Same thing here with large Cartels and size 11.5 boots are heel heavy. I'm maxed on the disc setting and needed just a little more to get the boot centered. So I used the highback rotator piece with the screw. I set it to bring the highback forward the rest of the way to get my boot centered. If you try it make sure you check that your highback doesn't fall inside the heel loop when its up. It'll require some finesse. There was one old post where a member mentioned doing this.

You guys with the Cartel Reflex centering issues try this yet? Nothings broken or stripped yet.


----------



## linvillegorge (Jul 6, 2009)

bksdds said:


> Same thing here with large Cartels and size 11.5 boots are heel heavy.

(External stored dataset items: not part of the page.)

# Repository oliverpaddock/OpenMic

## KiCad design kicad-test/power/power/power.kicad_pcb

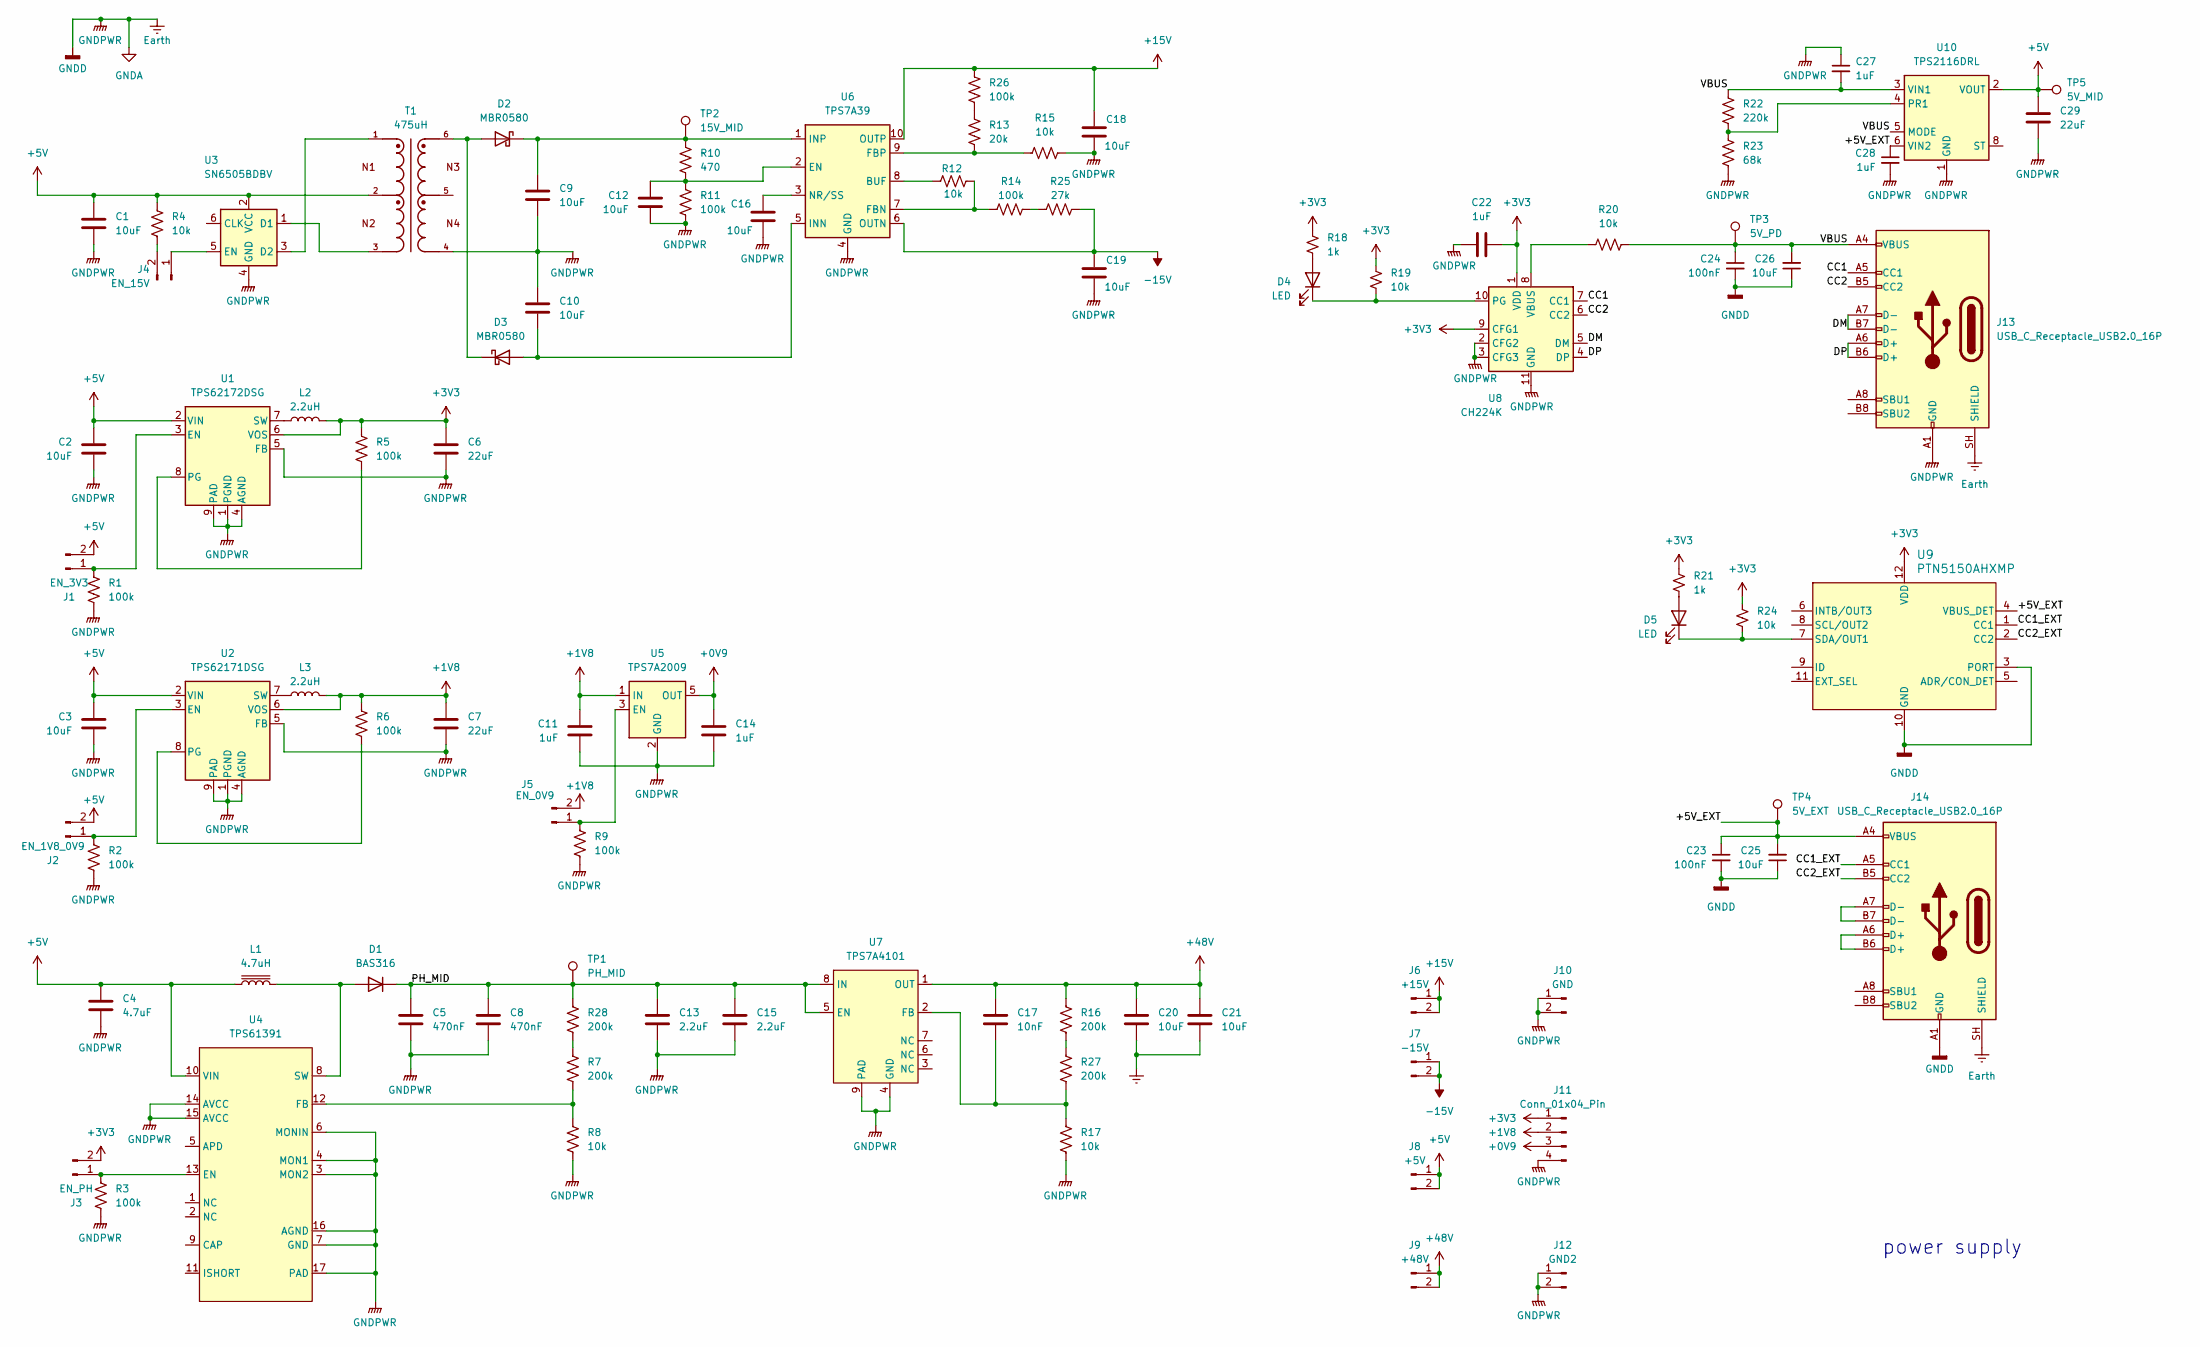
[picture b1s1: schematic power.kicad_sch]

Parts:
C1, C2, C3, C9, C10, C12, C16, C18, C19, C25, C26: 10uF; C_0805_2012Metric_Pad1.18x1.45mm_HandSolder; MPN CL21A106KAYNNNE; LCSC C15850
C4: 4.7uF; C_0805_2012Metric_Pad1.18x1.45mm_HandSolder; MPN CL21A475KAQNNNE; LCSC C1779
C5, C8: 470nF; C_0805_2012Metric_Pad1.18x1.45mm_HandSolder; MPN CL21B474KBFNNNE; LCSC C13967
C6, C7, C29: 22uF; C_0805_2012Metric_Pad1.18x1.45mm_HandSolder; MPN CL21A226MAQNNNE; LCSC C45783
C11, C14, C22, C27, C28: 1uF; C_0805_2012Metric_Pad1.18x1.45mm_HandSolder; MPN CL21B105KBFNNNE; LCSC C28323
C13, C15: 2.2uF; C_0805_2012Metric_Pad1.18x1.45mm_HandSolder; MPN CL21A225KBQNNNE; LCSC C377773
C17: 10nF; C_0805_2012Metric_Pad1.18x1.45mm_HandSolder; MPN CL21B103KBANNNC; LCSC C1710
C20, C21: 10uF; C_1210_3225Metric_Pad1.33x2.70mm_HandSolder; MPN CL21A106KAYNNNE; LCSC C15850
C23, C24: 100nF; C_0805_2012Metric_Pad1.18x1.45mm_HandSolder; MPN CC0805KRX7R9BB104; LCSC C49678
D1: BAS316; D_SOD-323; MPN BAS316; LCSC C8488
D2, D3: MBR0580; D_SOD-123; MPN MBR0580; LCSC C77339
D4, D5: LED; LED_0805_2012Metric_Pad1.15x1.40mm_HandSolder; MPN NCD0805R1; LCSC C84256
J1: EN_3V3; PinHeader_1x02_P2.54mm_Vertical
J2: EN_1V8_0V9; PinHeader_1x02_P2.54mm_Vertical
J3: EN_PH; PinHeader_1x02_P2.54mm_Vertical
J4: EN_15V; PinHeader_1x02_P2.54mm_Vertical
J5: EN_0V9; PinHeader_1x02_P2.54mm_Vertical
J6: +15V; PinHeader_1x02_P2.54mm_Vertical
J7: -15V; PinHeader_1x02_P2.54mm_Vertical
J8: +5V; PinHeader_1x02_P2.54mm_Vertical
J9: +48V; PinHeader_1x02_P2.54mm_Vertical
J10: GND; PinHeader_1x02_P2.54mm_Vertical
J11: Conn_01x04_Pin; PinHeader_1x04_P2.54mm_Vertical
J12: GND2; PinHeader_1x02_P2.54mm_Vertical
J13, J14: USB_C_Receptacle_USB2.0_16P; USB_C_Receptacle_HRO_TYPE-C-31-M-12; MPN TYPE-C-31-M-12; LCSC C165948
L1: 4.7uH; L_Wuerth_PMCI-201610; MPN DFE201612E-4R7M=P2; LCSC C3223763
L2, L3: 2.2uH; L_Wurth_WE-LQSH-3012; MPN ANR3015T2R2M; LCSC C6364793
R1, R2, R3, R5, R6, R9, R11, R14, R26: 100k; R_0805_2012Metric_Pad1.20x1.40mm_HandSolder; MPN 0805W8F1003T5E; LCSC C149504
R4, R8, R12, R15, R17, R19, R20, R24: 10k; R_0805_2012Metric_Pad1.20x1.40mm_HandSolder; MPN 0805W8F1002T5E; LCSC C17414
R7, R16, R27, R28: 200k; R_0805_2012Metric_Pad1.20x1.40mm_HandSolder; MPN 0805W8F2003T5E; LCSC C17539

I'm maxed on the disc setting and needed just a little more to get the boot centered. So I used the highback rotator piece with the screw. I set it to bring the highback forward the rest of the way to get my boot centered. If you try it make sure you check that your highback doesn't fall inside the heel loop when its up. It'll require some finesse. There was one old post where a member mentioned doing this.
> 
> You guys with the Cartel Reflex centering issues try this yet? Nothings broken or stripped yet.


Yep, tried it. Couldn't pull it off. I had the highback completely off of the heelcup and still couldn't get centered. Even with the old 5 hole discs, it took every bit of adjustment to get 10s to center.


----------